Exercise material section start

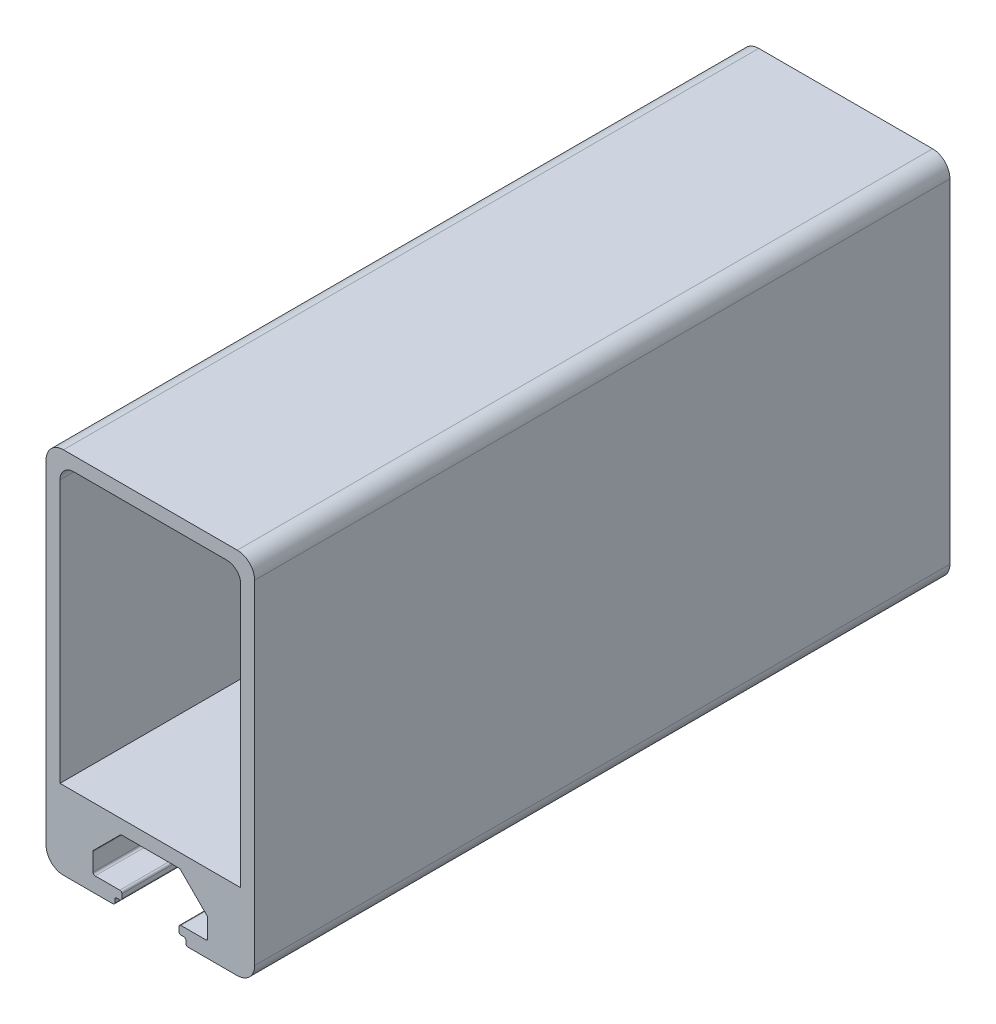
from build123d import *

# Parameters (mm, degrees)
EXTRUDE_1_DEPTH = 50


with BuildPart() as part:
    # 草图1 → 凸台-拉伸1 (new, symmetric)
    with BuildSketch(Plane.XY):
        with BuildLine():
            Line((12.49999999, 0), (-12.49999999, 0))
            ThreePointArc((-12.49999999, 0), (-14.267766942, -0.732233047), (-14.999999989, -2.499999998))
            Line((-14.999999989, -2.499999998), (-14.999999989, -50.500000002))
            ThreePointArc((-14.999999989, -50.500000002), (-14.267766942, -52.267766953), (-12.49999999, -53))
            Line((-12.49999999, -53), (-5.399999995, -53))
            ThreePointArc((-5.399999995, -53), (-5.187867961, -52.912132034), (-5.099999996, -52.7))
            Line((-5.099999996, -52.7), (-5.099999996, -52.300000001))
            ThreePointArc((-5.099999996, -52.300000001), (-5.01213203, -52.087867966), (-4.799999996, -52.000000001))
            Line((-4.799999996, -52.000000001), (-4.399999997, -52.000000001))
            ThreePointArc((-4.399999997, -52.000000001), (-4.187867962, -51.912132035), (-4.099999997, -51.700000001))
            Line((-4.099999997, -51.700000001), (-4.099999997, -51.100000001))
            ThreePointArc((-4.099999997, -51.100000001), (-4.187867962, -50.887867967), (-4.399999997, -50.800000002))
            Line((-4.399999997, -50.800000002), (-7.949999994, -50.800000002))
            ThreePointArc((-7.949999994, -50.800000002), (-8.162132028, -50.712132036), (-8.249999994, -50.500000002))
            Line((-8.249999994, -50.500000002), (-8.249999994, -47.929898991))
            ThreePointArc((-8.249999994, -47.929898991), (-8.227163853, -47.815093962), (-8.162132028, -47.717766957))
            Line((-8.162132028, -47.717766957), (-4.332233044, -43.887867973))
            ThreePointArc((-4.332233044, -43.887867973), (-4.234906039, -43.822836147), (-4.12010101, -43.800000007))
            Line((-4.12010101, -43.800000007), (4.12010101, -43.800000007))
            ThreePointArc((4.12010101, -43.800000007), (4.234906039, -43.822836147), (4.332233044, -43.887867973))
            Line((4.332233044, -43.887867973), (8.162132028, -47.717766957))
            ThreePointArc((8.162132028, -47.717766957), (8.227163854, -47.815093961), (8.249999994, -47.929898991))
            Line((8.249999994, -47.929898991), (8.249999994, -50.500000002))
            ThreePointArc((8.249999994, -50.500000002), (8.162132028, -50.712132036), (7.949999994, -50.800000002))
            Line((7.949999994, -50.800000002), (4.399999997, -50.800000002))
            ThreePointArc((4.399999997, -50.800000002), (4.187867963, -50.887867967), (4.099999997, -51.100000001))
            Line((4.099999997, -51.100000001), (4.099999997, -51.700000001))
            ThreePointArc((4.099999997, -51.700000001), (4.187867963, -51.912132035), (4.399999997, -52.000000001))
            Line((4.399999997, -52.000000001), (4.799999996, -52.000000001))
            ThreePointArc((4.799999996, -52.000000001), (5.01213203, -52.087867966), (5.099999996, -52.300000001))
            Line((5.099999996, -52.300000001), (5.099999996, -52.7))
            ThreePointArc((5.099999996, -52.7), (5.187867962, -52.912132034), (5.399999996, -53))
            Line((5.399999996, -53), (12.49999999, -53))
            ThreePointArc((12.49999999, -53), (14.267766942, -52.267766953), (14.999999989, -50.500000002))
            Line((14.999999989, -50.500000002), (14.999999989, -2.499999998))
            ThreePointArc((14.999999989, -2.499999998), (14.267766942, -0.732233047), (12.49999999, 0))
        make_face()
        with BuildLine():
            Line((10.999999989, -2), (-10.999999989, -2))
            ThreePointArc((-10.999999989, -2), (-12.414213551, -2.585786438), (-12.999999989, -4))
            Line((-12.999999989, -4), (-12.999999989, -41.800000007))
            Line((-12.999999989, -41.800000007), (12.999999989, -41.800000007))
            Line((12.999999989, -41.800000007), (12.999999989, -4))
            ThreePointArc((12.999999989, -4), (12.414213551, -2.585786438), (10.999999989, -2))
        make_face(mode=Mode.SUBTRACT)
    extrude(amount=EXTRUDE_1_DEPTH, both=True)


solid = part.part

Exercise material section end

Assigned task. Leaving the pictures out, transcribe the entries above exactly as written.

Output.
from build123d import *

# Parameters (mm, degrees)
EXTRUDE_1_DEPTH = 50


with BuildPart() as part:
    # 草图1 → 凸台-拉伸1 (new, symmetric)
    with BuildSketch(Plane.XY):
        with BuildLine():
            Line((12.49999999, 0), (-12.49999999, 0))
            ThreePointArc((-12.49999999, 0), (-14.267766942, -0.732233047), (-14.999999989, -2.499999998))
            Line((-14.999999989, -2.499999998), (-14.999999989, -50.500000002))
            ThreePointArc((-14.999999989, -50.500000002), (-14.267766942, -52.267766953), (-12.49999999, -53))
            Line((-12.49999999, -53), (-5.399999995, -53))
            ThreePointArc((-5.399999995, -53), (-5.187867961, -52.912132034), (-5.099999996, -52.7))
            Line((-5.099999996, -52.7), (-5.099999996, -52.300000001))
            ThreePointArc((-5.099999996, -52.300000001), (-5.01213203, -52.087867966), (-4.799999996, -52.000000001))
            Line((-4.799999996, -52.000000001), (-4.399999997, -52.000000001))
            ThreePointArc((-4.399999997, -52.000000001), (-4.187867962, -51.912132035), (-4.099999997, -51.700000001))
            Line((-4.099999997, -51.700000001), (-4.099999997, -51.100000001))
            ThreePointArc((-4.099999997, -51.100000001), (-4.187867962, -50.887867967), (-4.399999997, -50.800000002))
            Line((-4.399999997, -50.800000002), (-7.949999994, -50.800000002))
            ThreePointArc((-7.949999994, -50.800000002), (-8.162132028, -50.712132036), (-8.249999994, -50.500000002))
            Line((-8.249999994, -50.500000002), (-8.249999994, -47.929898991))
            ThreePointArc((-8.249999994, -47.929898991), (-8.227163853, -47.815093962), (-8.162132028, -47.717766957))
            Line((-8.162132028, -47.717766957), (-4.332233044, -43.887867973))
            ThreePointArc((-4.332233044, -43.887867973), (-4.234906039, -43.822836147), (-4.12010101, -43.800000007))
            Line((-4.12010101, -43.800000007), (4.12010101, -43.800000007))
            ThreePointArc((4.12010101, -43.800000007), (4.234906039, -43.822836147), (4.332233044, -43.887867973))
            Line((4.332233044, -43.887867973), (8.162132028, -47.717766957))
            ThreePointArc((8.162132028, -47.717766957), (8.227163854, -47.815093961), (8.249999994, -47.929898991))
            Line((8.249999994, -47.929898991), (8.249999994, -50.500000002))
            ThreePointArc((8.249999994, -50.500000002), (8.162132028, -50.712132036), (7.949999994, -50.800000002))
            Line((7.949999994, -50.800000002), (4.399999997, -50.800000002))
            ThreePointArc((4.399999997, -50.800000002), (4.187867963, -50.887867967), (4.099999997, -51.100000001))
            Line((4.099999997, -51.100000001), (4.099999997, -51.700000001))
            ThreePointArc((4.099999997, -51.700000001), (4.187867963, -51.912132035), (4.399999997, -52.000000001))
            Line((4.399999997, -52.000000001), (4.799999996, -52.000000001))
            ThreePointArc((4.799999996, -52.000000001), (5.01213203, -52.087867966), (5.099999996, -52.300000001))
            Line((5.099999996, -52.300000001), (5.099999996, -52.7))
            ThreePointArc((5.099999996, -52.7), (5.187867962, -52.912132034), (5.399999996, -53))
            Line((5.399999996, -53), (12.49999999, -53))
            ThreePointArc((12.49999999, -53), (14.267766942, -52.267766953), (14.999999989, -50.500000002))
            Line((14.999999989, -50.500000002), (14.999999989, -2.499999998))
            ThreePointArc((14.999999989, -2.499999998), (14.267766942, -0.732233047), (12.49999999, 0))
        make_face()
        with BuildLine():
            Line((10.999999989, -2), (-10.999999989, -2))
            ThreePointArc((-10.999999989, -2), (-12.414213551, -2.585786438), (-12.999999989, -4))
            Line((-12.999999989, -4), (-12.999999989, -41.800000007))
            Line((-12.999999989, -41.800000007), (12.999999989, -41.800000007))
            Line((12.999999989, -41.800000007), (12.999999989, -4))
            ThreePointArc((12.999999989, -4), (12.414213551, -2.585786438), (10.999999989, -2))
        make_face(mode=Mode.SUBTRACT)
    extrude(amount=EXTRUDE_1_DEPTH, both=True)


solid = part.part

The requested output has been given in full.